Work item » Every line from the first one in the data below through the line holding "layer by layer" is to be written out exactly, with the pictures omitted.

Source data »

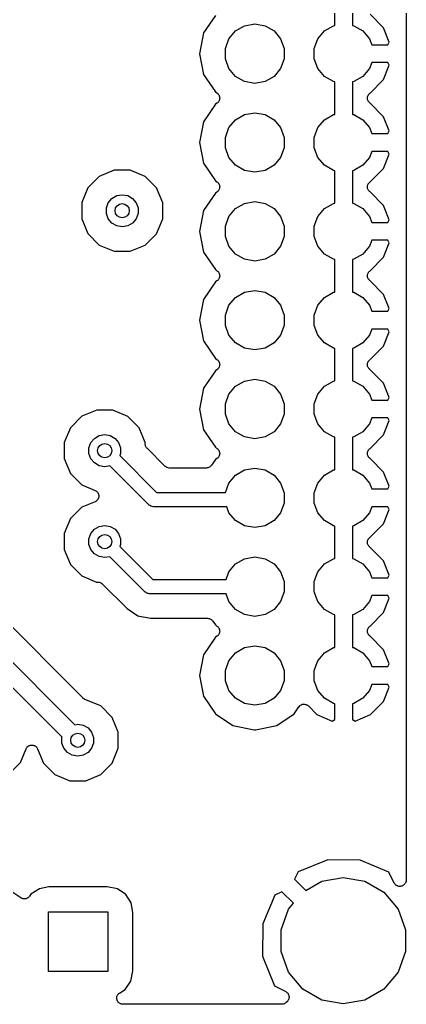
# Model space of a CAD drawing. Extents: x 91.5 to 189.2, y -112.8 to -60.5.
# Drawn here: x 178.17 to 189.22, y -112.83 to -84.68 of the extents above; entities that cross this region are included whole.
import ezdxf

# ---------------------------------------------------------------- set-up
doc = ezdxf.new("R2010")
doc.units = 0
doc.header["$MEASUREMENT"] = 0
doc.layers.add('BLACK', color=7, linetype='CONTINUOUS')

msp = doc.modelspace()

# ---------------------------------------------------------------- linework, layer by layer
at = {"layer": 'Black'}
for p, q in [((189.22, -62.1734), (189.22, -109.274)), ((187.176, -84.8442), (187.176, -83.9158)), ((187.684, -83.9158), (187.684, -84.8442)), ((183.763, -84.5564), (183.427, -85.0582)), ((188.566, -84.9117), (188.188, -84.5246)), ((184.151, -85.225), (184.34, -84.9989)), ((184.34, -84.9989), (184.596, -84.8513)), ((184.596, -84.8513), (184.887, -84.8)), ((184.887, -84.8), (184.893, -84.8)), ((184.893, -84.8), (185.184, -84.8513)), ((185.184, -84.8513), (185.44, -84.9989)), ((185.44, -84.9989), (185.629, -85.225)), ((186.691, -85.225), (186.88, -84.9989)), ((186.88, -84.9989), (187.136, -84.8513)), ((187.136, -84.8513), (187.176, -84.8442)), ((187.684, -84.8442), (187.724, -84.8513)), ((187.724, -84.8513), (187.98, -84.9989)), ((187.98, -84.9989), (188.169, -85.225)), ((188.735, -85.3194), (188.566, -84.9117)), ((183.427, -85.0582), (183.31, -85.65)), ((184.05, -85.5024), (184.151, -85.225)), ((185.629, -85.225), (185.73, -85.5024)), ((186.59, -85.5024), (186.691, -85.225)), ((188.169, -85.225), (188.232, -85.396)), ((184.05, -85.7976), (184.05, -85.5024)), ((185.73, -85.5024), (185.73, -85.7976)), ((186.59, -85.7976), (186.59, -85.5024)), ((188.232, -85.396), (188.69, -85.396)), ((188.69, -85.396), (188.735, -85.3194)), ((183.31, -85.65), (183.427, -86.2418)), ((184.151, -86.075), (184.05, -85.7976)), ((185.73, -85.7976), (185.629, -86.075)), ((186.691, -86.075), (186.59, -85.7976)), ((184.34, -86.3011), (184.151, -86.075)), ((185.629, -86.075), (185.44, -86.3011)), ((186.88, -86.3011), (186.691, -86.075)), ((188.169, -86.075), (187.98, -86.3011)), ((188.232, -85.904), (188.169, -86.075)), ((188.69, -85.904), (188.232, -85.904)), ((188.566, -86.3883), (188.735, -85.9806)), ((188.735, -85.9806), (188.69, -85.904)), ((183.427, -86.2418), (183.763, -86.7436)), ((184.596, -86.4487), (184.34, -86.3011)), ((185.44, -86.3011), (185.184, -86.4487)), ((187.136, -86.4487), (186.88, -86.3011)), ((187.98, -86.3011), (187.724, -86.4487)), ((188.188, -86.7754), (188.566, -86.3883)), ((184.887, -86.5), (184.596, -86.4487)), ((184.893, -86.5), (184.887, -86.5)), ((185.184, -86.4487), (184.893, -86.5)), ((187.176, -86.4558), (187.136, -86.4487)), ((187.176, -87.3842), (187.176, -86.4558)), ((187.724, -86.4487), (187.684, -86.4558)), ((187.684, -86.4558), (187.684, -87.3842)), ((183.763, -86.7436), (183.808, -86.7741)), ((183.808, -86.7741), (183.822, -86.7873)), ((183.822, -86.7873), (183.838, -86.7986)), ((183.838, -86.7986), (183.844, -86.8082)), ((183.844, -86.8082), (183.852, -86.8162)), ((183.852, -86.8162), (183.861, -86.8334)), ((183.861, -86.8334), (183.871, -86.8493)), ((183.871, -86.8493), (183.874, -86.8605)), ((183.874, -86.9795), (183.871, -86.9907)), ((183.874, -86.8605), (183.879, -86.8709)), ((183.879, -86.9691), (183.874, -86.9795)), ((183.879, -86.8709), (183.881, -86.8899)), ((183.881, -86.9501), (183.879, -86.9691)), ((183.881, -86.8899), (183.886, -86.9085)), ((183.886, -86.9315), (183.881, -86.9501)), ((183.886, -86.9085), (183.885, -86.92)), ((183.885, -86.92), (183.886, -86.9315)), ((188.111, -86.8992), (188.114, -86.8898)), ((188.112, -86.92), (188.111, -86.8992)), ((188.111, -86.9408), (188.112, -86.92)), ((188.114, -86.9502), (188.111, -86.9408)), ((188.114, -86.88), (188.122, -86.8608)), ((188.114, -86.8898), (188.114, -86.88)), ((188.114, -86.96), (188.114, -86.9502)), ((188.122, -86.9792), (188.114, -86.96)), ((188.122, -86.8608), (188.128, -86.8408)), ((188.128, -86.9992), (188.122, -86.9792)), ((188.128, -86.8408), (188.134, -86.833)), ((188.134, -86.833), (188.138, -86.8239)), ((188.138, -86.8239), (188.152, -86.8087)), ((188.152, -86.8087), (188.165, -86.792)), ((188.165, -86.792), (188.173, -86.7867)), ((188.173, -86.7867), (188.18, -86.7795)), ((188.18, -86.7795), (188.188, -86.7754)), ((183.763, -87.0964), (183.427, -87.5982)), ((183.808, -87.0659), (183.763, -87.0964)), ((183.822, -87.0527), (183.808, -87.0659)), ((183.838, -87.0414), (183.822, -87.0527)), ((183.844, -87.0318), (183.838, -87.0414)), ((183.852, -87.0238), (183.844, -87.0318)), ((183.861, -87.0066), (183.852, -87.0238)), ((183.871, -86.9907), (183.861, -87.0066)), ((188.134, -87.007), (188.128, -86.9992)), ((188.138, -87.0161), (188.134, -87.007)), ((188.152, -87.0313), (188.138, -87.0161)), ((188.165, -87.048), (188.152, -87.0313)), ((188.173, -87.0533), (188.165, -87.048)), ((188.18, -87.0605), (188.173, -87.0533)), ((188.188, -87.0646), (188.18, -87.0605)), ((188.566, -87.4517), (188.188, -87.0646)), ((184.151, -87.765), (184.34, -87.5389)), ((184.34, -87.5389), (184.596, -87.3913)), ((184.596, -87.3913), (184.887, -87.34)), ((184.887, -87.34), (184.893, -87.34)), ((184.893, -87.34), (185.184, -87.3913)), ((185.184, -87.3913), (185.44, -87.5389)), ((185.44, -87.5389), (185.629, -87.765)), ((186.691, -87.765), (186.88, -87.5389)), ((186.88, -87.5389), (187.136, -87.3913)), ((187.136, -87.3913), (187.176, -87.3842)), ((187.684, -87.3842), (187.724, -87.3913)), ((187.724, -87.3913), (187.98, -87.5389)), ((187.98, -87.5389), (188.169, -87.765)), ((188.735, -87.8594), (188.566, -87.4517)), ((183.427, -87.5982), (183.31, -88.19)), ((184.05, -88.0424), (184.151, -87.765)), ((185.629, -87.765), (185.73, -88.0424)), ((186.59, -88.0424), (186.691, -87.765)), ((188.169, -87.765), (188.232, -87.936)), ((184.05, -88.3376), (184.05, -88.0424)), ((185.73, -88.0424), (185.73, -88.3376)), ((186.59, -88.3376), (186.59, -88.0424)), ((188.232, -87.936), (188.69, -87.936)), ((188.69, -87.936), (188.735, -87.8594)), ((183.31, -88.19), (183.427, -88.7818)), ((184.151, -88.615), (184.05, -88.3376)), ((185.73, -88.3376), (185.629, -88.615)), ((186.691, -88.615), (186.59, -88.3376)), ((184.34, -88.8411), (184.151, -88.615)), ((185.629, -88.615), (185.44, -88.8411)), ((186.88, -88.8411), (186.691, -88.615)), ((188.169, -88.615), (187.98, -88.8411)), ((188.232, -88.444), (188.169, -88.615)), ((188.69, -88.444), (188.232, -88.444)), ((188.566, -88.9283), (188.735, -88.5206)), ((188.735, -88.5206), (188.69, -88.444)), ((183.427, -88.7818), (183.763, -89.2836)), ((184.596, -88.9887), (184.34, -88.8411)), ((185.44, -88.8411), (185.184, -88.9887)), ((187.136, -88.9887), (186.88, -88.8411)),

Solution to this problem »
# Model space of a CAD drawing. Extents: x 91.5 to 189.2, y -112.8 to -60.5.
# Drawn here: x 178.17 to 189.22, y -112.83 to -84.68 of the extents above; entities that cross this region are included whole.
import ezdxf

# ---------------------------------------------------------------- set-up
doc = ezdxf.new("R2010")
doc.units = 0
doc.header["$MEASUREMENT"] = 0
doc.layers.add('BLACK', color=7, linetype='CONTINUOUS')

msp = doc.modelspace()

# ---------------------------------------------------------------- linework, layer by layer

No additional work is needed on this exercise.